While it may be good for the country that this Supreme Court term mainly involves technical statutory issues (at least they can’t do more harm to the Constitution!), it’s a bit of a let down for those of us who follow the machinations of One First Street. One such obscure case, however, merits watching for its ramifications on the constitutional principle that all citizens should be treated equally under the law. The central issue in Hawaii v. OHA — whether Hawaii can sell certain state lands without accommodating a racialist commission called the Office of Hawaiian Affairs (OHA) — is idiosyncratic, but the case threatens to set a terrible precedent for a state that has otherwise been a model of racial harmony.

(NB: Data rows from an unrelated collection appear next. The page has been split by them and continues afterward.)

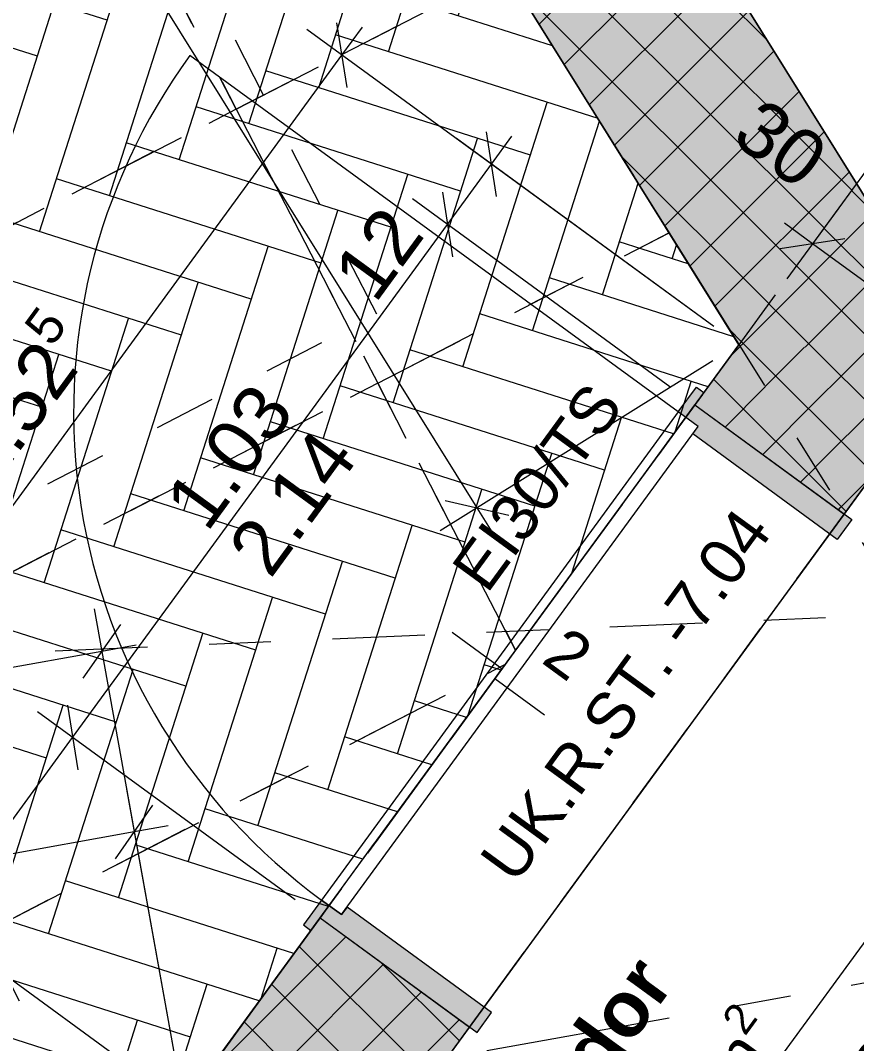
# Model space of a CAD drawing. Header units: metres. Extents: x 2688579.7 to 2688666, y 1281656.9 to 1281721.4.
# Drawn here: x 2688648.419 to 2688649.774, y 1281678.947 to 1281680.606 of the extents above; entities that cross this region are included whole.
import ezdxf

# ---------------------------------------------------------------- set-up
doc = ezdxf.new("R2010")
doc.units = ezdxf.units.M
for name, pattern in [('Strich 2_1mm', [0.15000000000000002, 0.1, -0.05]), ('Strichpunkt 3_1_1mm Achsen', [0.25, 0.15, -0.05, 0, -0.05]), ('Strichpunkt 6_1_1mm', [0.39999999999999997, 0.3, -0.05, 0, -0.05]), ('Strichpunkt 6_2_2mm Schnitt', [0.5, 0.3, -0.1, 0, -0.1])]:
    doc.linetypes.add(name, pattern=pattern)
for name, color, linetype in [('00 11 Geometer', 7, 'Continuous'), ('00 14 Achsen', 7, 'Continuous'), ('00 73 Schnittlinien', 7, 'Continuous'), ('00 80 Plangrafik', 7, 'Continuous'), ('01 13 IW tragend', 7, 'Continuous'), ('02 12 Unterzüge_Deckenabsätze', 7, 'Continuous'), ('02 26 Bodenbelag im Grundriss sichtbar', 7, 'Continuous'), ('07 12 Bemassung innen', 7, 'Continuous'), ('08 11 Beschriftung allgemein', 7, 'Continuous'), ('09 11 Raumdefinitionen.SIA 416', 7, 'Continuous')]:
    doc.layers.add(name, color=color, linetype=linetype)
doc.styles.add('ERSTELLTER_STIL_1', font='arial.ttf')
doc.styles.add('ERSTELLTER_STIL_3', font='')
doc.styles.get('ERSTELLTER_STIL_3').set_extended_font_data('Arial', bold=True)
doc.dimstyles.new('ERSTELLTER_STIL__2', dxfattribs={"dimtxt": 0.08999999761581422, "dimasz": 0.07125000000000001, "dimexe": 0.18, "dimexo": 0.05, "dimgap": 0.09, "dimtad": 1, "dimzin": 0, "dimdsep": 46, "dimtxsty": 'ERSTELLTER_STIL_1', "dimblk": 'ARROWHEAD_6', "dimblk1": 'ARROWHEAD_6', "dimblk2": 'ARROWHEAD_6', "dimcen": 0.09, "dimclrd": 7, "dimclre": 7, "dimclrt": 7, "dimazin": 0, "dimtfac": 1, "dimtdec": 4, "dimtmove": 0, "dimatfit": 3, "dimfxl": 1, "dimtolj": 1, "dimtzin": 0, "dimarcsym": 0})
doc.dimstyles.new('ERSTELLTER_STIL__4', dxfattribs={"dimtxt": 0.08999999761581422, "dimasz": 0.07125000000000001, "dimexe": 0.18, "dimexo": 0.05, "dimgap": 0.09, "dimtad": 1, "dimzin": 0, "dimdsep": 46, "dimtxsty": 'ERSTELLTER_STIL_1', "dimblk": 'ARROWHEAD_6', "dimblk1": 'ARROWHEAD_6', "dimblk2": 'ARROWHEAD_6', "dimcen": 0.09, "dimclrd": 7, "dimclre": 7, "dimclrt": 7, "dimazin": 0, "dimtfac": 1, "dimtdec": 4, "dimtmove": 2, "dimatfit": 3, "dimfxl": 1, "dimtolj": 1, "dimtzin": 0, "dimarcsym": 0})
pattern_1 = [(44.99999999999999, (-190.4483196355036, -7.138988810048026), (-0.05303300858899104, 0.05303300858899108), []), (135.0000000000002, (-190.4483196355036, -7.138988810048026), (0.0530330085889909, 0.05303300858899123), [])]

# ---------------------------------------------------------------- blocks, each defined once
blk = doc.blocks.new('*D48')
at = {"layer": '07 12 Bemassung innen', "color": 7, "linetype": 'Continuous', "lineweight": 5, "transparency": 16777216}
for p, q in [((256.1806996817513, 30.5209161587717), (256.2639438022479, 30.05802924100752)), ((256.2485067012415, 30.46166990771648), (256.1931448150721, 30.45171380105986)), ((256.1931448150721, 30.45171380105986), (255.320338749622, 30.29475111645117)), ((255.3078936163012, 30.36395347416302), (255.3911377391456, 29.90106654334409)), ((255.3203387320236, 30.29475111328633), (254.9955489998293, 30.23634195423419))]:
    blk.add_line(p, q, dxfattribs=at)
at = {"layer": '07 12 Bemassung innen', "color": 7, "linetype": 'Continuous', "lineweight": 18, "transparency": 16777216}
for p, q in [((256.1628742953968, 30.40816847250913), (256.2234153347473, 30.49525912961059)), ((255.2900682123484, 30.2512057847356), (255.3506092516988, 30.33829644183706))]:
    blk.add_line(p, q, dxfattribs=at)
at = {"layer": '07 12 Bemassung innen', "color": 7, "lineweight": 18, "transparency": 16777216, "insert": (255.6644168841538, 30.37341296155966), "char_height": 0.08999999761581422, "attachment_point": 7, "rotation": 10.194918458179393, "style": 'ERSTELLTER_STIL_1'}
blk.add_mtext('\\A1;{\\pql;\\fArial|b0|i0|c0|p38;88\\fArial|b0|i0|c0|p38;\\A1{\\H.66x;\\S5^  ;}}', dxfattribs=at)
blk = doc.blocks.new('ARROWHEAD_6')
at = {"color": 0, "linetype": 'Continuous', "lineweight": 0}
for p, q in [((-0.5, -0.5), (0.5, 0.5)), ((0, 0), (-1, 0))]:
    blk.add_line(p, q, dxfattribs=at)
blk = doc.blocks.new('*D53')
at = {"layer": '07 12 Bemassung innen', "color": 7, "linetype": 'Continuous', "lineweight": 18, "transparency": 16777216}
for p, q in [((256.0853108846986, 30.65754994892953), (256.1016537335173, 30.55275056299389)), ((255.8636597300585, 30.3539961689135), (255.8800025788772, 30.24919678297785))]:
    blk.add_line(p, q, dxfattribs=at)
at = {"layer": '07 12 Bemassung innen', "color": 7, "linetype": 'Continuous', "lineweight": 5, "transparency": 16777216}
for p, q in [((255.8718311544679, 30.30159647594568), (256.093482309108, 30.60515025596172)), ((256.2324129345356, 30.03830419248291), (255.8150457319268, 30.34306047771925)), ((255.838659953049, 30.2561681379128), (255.8718311544679, 30.30159647594568))]:
    blk.add_line(p, q, dxfattribs=at)
at = {"layer": '07 12 Bemassung innen', "color": 7, "lineweight": 18, "transparency": 16777216, "insert": (255.9157991649122, 30.38971844912587), "char_height": 0.08999999761581422, "attachment_point": 7, "rotation": 53.86355082283535, "style": 'ERSTELLTER_STIL_1'}
blk.add_mtext('\\A1;{\\pql;\\fArial|b0|i0|c0|p38;37\\fArial|b0|i0|c0|p38;\\A1{\\H.66x;\\S5^  ;}}', dxfattribs=at)
blk = doc.blocks.new('*D54')
at = {"layer": '07 12 Bemassung innen', "color": 7, "linetype": 'Continuous', "lineweight": 5, "transparency": 16777216}
for p, q in [((256.7008838639777, 31.4369936012749), (256.7722772552353, 31.53476766349268)), ((257.0614656440454, 31.17370131781211), (256.6440984414365, 31.47845760304846)), ((256.093482309108, 30.60515025596171), (256.7008838639777, 31.43699360127489)), ((256.4540640891757, 30.34185797249895), (256.0366968865669, 30.64661425773529)), ((255.8718311544679, 30.30159647594568), (256.093482309108, 30.60515025596172))]:
    blk.add_line(p, q, dxfattribs=at)
at = {"layer": '07 12 Bemassung innen', "color": 7, "linetype": 'Continuous', "lineweight": 18, "transparency": 16777216}
for p, q in [((256.6927124395683, 31.48939329424272), (256.709055288387, 31.38459390830707)), ((256.0853108846986, 30.65754994892953), (256.1016537335173, 30.55275056299389))]:
    blk.add_line(p, q, dxfattribs=at)
at = {"layer": '07 12 Bemassung innen', "color": 7, "lineweight": 18, "transparency": 16777216, "char_height": 0.08999999761581422, "attachment_point": 7, "rotation": 53.86355082283535, "style": 'ERSTELLTER_STIL_1'}
for s, insert in [('\\A1;{\\pql;\\fArial|b0|i0|c0|p38;12}', (256.583681308078, 31.30700683253988)), ('\\A1;{\\pql;\\fArial|b0|i0|c0|p38;1.03}', (256.3120423151232, 30.93499413878656)), ('\\A1;{\\pql;\\fArial|b0|i0|c0|p38;2.14}', (256.4138017963604, 30.86069064465577))]:
    blk.add_mtext(s, dxfattribs=dict(at, insert=insert))
blk = doc.blocks.new('*D55')
at = {"layer": '07 12 Bemassung innen', "color": 7, "linetype": 'Continuous', "lineweight": 5, "transparency": 16777216}
for p, q in [((257.132859035303, 31.27147538002991), (256.7154918326942, 31.57623166526625)), ((256.7722772552353, 31.53476766349268), (256.8054484566541, 31.58019600152556)), ((256.7008838639777, 31.4369936012749), (256.7722772552353, 31.53476766349268))]:
    blk.add_line(p, q, dxfattribs=at)
at = {"layer": '07 12 Bemassung innen', "color": 7, "linetype": 'Continuous', "lineweight": 18, "transparency": 16777216}
for p, q in [((256.7804486796446, 31.48236797052485), (256.7641058308259, 31.5871673564605)), ((256.6927124395683, 31.48939329424272), (256.709055288387, 31.38459390830707))]:
    blk.add_line(p, q, dxfattribs=at)
blk = doc.blocks.new('*D56')
at = {"layer": '07 12 Bemassung innen', "color": 7, "linetype": 'Continuous', "lineweight": 5, "transparency": 16777216}
for p, q in [((255.6913439648279, 33.52556316403462), (255.2497508179963, 33.25038942099617)), ((255.3094255677301, 33.28757506204825), (255.2796770548885, 33.33531486183532)), ((256.7488860055348, 30.97755864314529), (255.3094255677301, 33.28757506204825)), ((257.1308044026326, 31.21554674513168), (256.689211255801, 30.94037300209321)), ((256.7786345183765, 30.92981884335823), (256.7488860055348, 30.97755864314529))]:
    blk.add_line(p, q, dxfattribs=at)
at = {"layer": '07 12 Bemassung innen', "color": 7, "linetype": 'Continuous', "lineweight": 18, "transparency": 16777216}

In the 2000 case of Rice v. Cayetano, the Supreme Court held that a race‐​based scheme allowing only statutorily defined “Hawaiians” to vote for OHA’s trustees was unconstitutional. Despite Rice, and despite Justice John Marshall Harlan’s dissenting statement in Plessy v. Ferguson 112 years ago that “[o]ur Constitution is color‐​blind, and neither knows nor tolerates classes among citizens,” OHA continues to view Hawaiian citizens through racial lenses. This practice has spawned numerous lawsuits, including the present legal crisis in which the state’s authority to manage its land for the good of all of its citizens has been replaced with a court‐​imposed duty to hold the land for the benefit of one racial class.

Specifically, after nearly 15 years of litigation, the Hawaii Supreme Court blocked the sale of 1.2 million acres of land (29 percent of the state’s total area) based on a mistaken interpretation of a joint resolution that Congress passed in 1993 to apologize for the 1893 overthrow of the Kingdom of Hawaii. While the Apology Resolution was itself based on a slanted view of history — the propagation of which may yet lead to the creation of race‐​based state government (see the Akaka Bill, a subject for a different article) — the larger point is that the court rewrote the terms by which Hawaii became the 50th state.

But nothing in the Apology Resolution remotely supports the idea that somehow Congress impaired (retroactively!) the property rights in question; the Resolution does not address either Hawaii’s sovereign powers or its title to state lands. Further, the Newlands Resolution of 1898 (the law annexing Hawaii to the United States), as well as the Admission Act of 1959 and subsequent federal legislation, foreclose the premise that “Native Hawaiians” may have valid claims that an injunction against land sales preserve.

That is, the United States obtained full sovereignty over the disputed lands when it annexed Hawaii, and the new state government assumed that sovereignty when Hawaii joined the Union. The Hawaii Supreme Court’s decision, committed in the name of federal law, thus violates both state sovereignty and federal law! Moreover, the proposition that OHA gets a veto over the transfer of state lands merely because it purports to represent the interests of those who make race‐​based claims to those lands is an affront to the Equal Protection Clause of the Fourteenth Amendment.

Some argue that “Native Hawaiians” are a special class who, like Indian tribes, are allowed special treatment based on racial classification. But Hawaiians are not American Indians in the constitutional sense. The term “Indian tribes” has a fixed meaning, limited to “dependent nations” at the time of the Founding. Such tribes must have an independent existence and “community” apart from the rest of American society, and a separate government structure for at least the past century.

Hawaii, by contrast, is the most integrated and blended society in America. Only ten percent of “Native Hawaiians” have at least fifty percent Hawaiian blood — and only two of the nine OHA trustees have Hawaiian surnames. No, Indian law is a unique compromise with pre‐​constitutional realities — one based on political rather than racial classifications — that is inapplicable to Hawaii.

In short, the Apology Resolution neither amended nor rescinded the federal laws that gave Hawaii full control over the disputed lands. But even if it did, race‐​based claims to those lands should be dismissed as unconstitutional.

The Supreme Court announced in Rice the unwavering principle that “[t]he Constitution of the United States … has become the heritage of all the citizens of Hawaii.” Let’s hope that it builds on that sentiment in Hawaii v. OHA. Hawaii should be allowed to transfer state lands for the benefit of all its citizens — thus eroding racial divisions and treating all Hawaiians with the legal equality to which they are entitled.